Fuga da civilização
Não sei se chega a ser um anseio inerente a todas as pessoas, pelo menos em algum momento de suas vidas, mas às vezes o que mais se quer é estar bem longe de tudo que lembre civilização. Este é o desejo que move Christopher McCandless, um jovem que, cansado da vida que levava e de todo o seu significado, abandona tudo em busca de um isolamento completo.
Inspirado em uma história verídica que se passou nos Estados Unidos em 1990 e virou o livro “Na Natureza Selvagem” (1997), de Jon Krakauer, o filme de mesmo nome (lançado em 2007) é o que se pode chamar de obra filosófica. Não por fazer referências a filósofos ou à história do pensamento, mas por estar focado na inquietude essencial que faz uma pessoa querer rever a sua própria vida e reaprender a ver o mundo.
Roteirizado e dirigido pelo ator Sean Penn, “Na Natureza Selvagem” prende a atenção não apenas pela trama instigante que envolve as escolhas de Chris McCandless (interpretado por Emile Hirsch), mas também pela belíssima fotografia e ótima trilha sonora (leia-se Eddie Vedder, ex-vocalista da banda Pearl Jam). Uma combinação balanceada que dá o tom certo entre leveza e melancolia, nostalgia e esperança – elementos presentes o tempo inteiro na obra.
Quando o recém-formado em Direito resolve dar um rumo totalmente diferente ao que seus pais tinham planejado para sua vida, ele radicaliza e assume completamente as rédeas do seu destino.
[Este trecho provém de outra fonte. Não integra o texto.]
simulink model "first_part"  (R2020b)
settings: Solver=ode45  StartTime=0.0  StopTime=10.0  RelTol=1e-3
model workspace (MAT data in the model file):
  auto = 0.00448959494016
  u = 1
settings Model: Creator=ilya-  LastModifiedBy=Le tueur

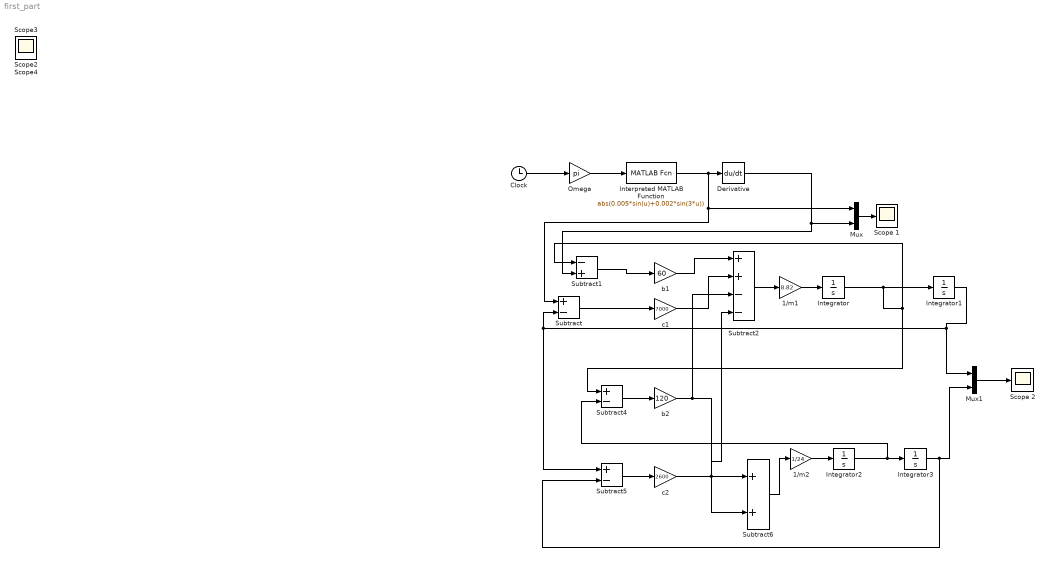
== system first_part ==
  1/m1 : Gain  Gain=8.82
  1/m2 : Gain  Gain=1/24
  Clock : Clock
  Derivative : Derivative
  Integrator{,1..3} (4 alike) : Integrator
  Interpreted MATLAB Function : MATLABFcn  MATLABFcn=abs(0.005*sin(u)+0.002*sin(3*u))  OutputSignalType=real
  Mux : Mux  Inputs=2
  Mux1 : Mux  Inputs=2
  Omega : Gain  Gain=pi
  Scope 1 : Scope
  Scope 2 : Scope
  Subtract : Sum  Inputs=+-
  Subtract1 : Sum  Inputs=-+
  Subtract2 : Sum  Inputs=++--
  Subtract4 : Sum  Inputs=+-
  Subtract5 : Sum  Inputs=+-
  Subtract6 : Sum
  b1 : Gain  Gain=60
  b2 : Gain  Gain=120
  c1 : Gain  Gain=7000
  c2 : Gain  Gain=2600
  Scope2 : Scope
  Scope3 : Scope
  Scope4 : Scope
  wires:
  Clock/1 -> Omega/1
  Omega/1 -> Interpreted MATLAB Function/1
  Interpreted MATLAB Function/1 -> Mux/1, Subtract/1, Derivative/1
  Mux/1 -> Scope 1/1
  Subtract/1 -> c1/1
  Subtract1/1 -> b1/1
  b1/1 -> Subtract2/1
  c1/1 -> Subtract2/2
  Subtract2/1 -> 1/m1/1
  1/m1/1 -> Integrator/1
  Integrator/1 -> Integrator1/1, Subtract4/1, Subtract1/1
  Derivative/1 -> Mux/2, Subtract1/2
  Subtract4/1 -> b2/1
  Subtract5/1 -> c2/1
  c2/1 -> Subtract2/4, Subtract6/2
  Mux1/1 -> Scope 2/1
  1/m2/1 -> Integrator2/1
  Subtract6/1 -> 1/m2/1
  Integrator2/1 -> Subtract4/2, Integrator3/1
  b2/1 -> Subtract2/3, Subtract6/1
  Integrator3/1 -> Subtract5/2, Mux1/2
  Integrator1/1 -> Mux1/1, Subtract5/1, Subtract/2

Não se trata de um filme sobre rebeldia sem causa ou sobre alguém perdido, ainda que possa ser interpretado assim. Ele apenas conta os passos dados durante dois anos por um jovem surpreendentemente maduro, consciente do que queria deixar para trás e do que pretendia encontrar numa estrada ainda por construir.
Obviamente, ninguém que decide fazer o que fez McCandless está isento de ter sido impulsionado por forças externas ou mesmo por feridas internas. Embora leve e genuinamente marcado pelo bom comportamento, o jovem aventureiro é alguém que deseja intensamente fugir da civilização e, por isto mesmo, de si.
A sua meta é chegar ao Alasca, onde espera travar um encontro com a natureza selvagem, muito provavelmente para entender seus próprios sentimentos e os sentimentos por sua família, pela humanidade. Nada disto é feito de forma amarga ou trágica, como talvez quem não tenha visto o filme possa imaginar. Simplesmente, aquele rapaz sente que precisa dar vazão às inquietações arquivadas por tantos anos a fio em comportado silêncio. Ele decide que é hora de ficar radicalmente sozinho para processar dúvidas e certezas.
“Na Natureza Selvagem” é daqueles filmes que dão muito pano pra manga em qualquer debate com vertente existencial. Se fosse levado para o âmbito acadêmico, daria um bom material de estudo com fins filosóficos, sociológicos, psicológicos, entre outras áreas de humanas. Já estou ávido para assisti-lo novamente, desta vez para me ater a detalhes do enredo, às citações de obras da literatura mundial (fascínio de Chris McCandless), às paisagens estonteantes e à trilha sonora que tão bem emoldura as muitas andanças da personagem.
Contrariando o próprio título que dei a este texto, não acho de verdade que aquele jovem queria fugir da civilização. Ele precisava apenas de uma perspectiva radical para retomar o fio da própria meada e perceber o quanto ele estava impregnado de emoções genuinamente humanas.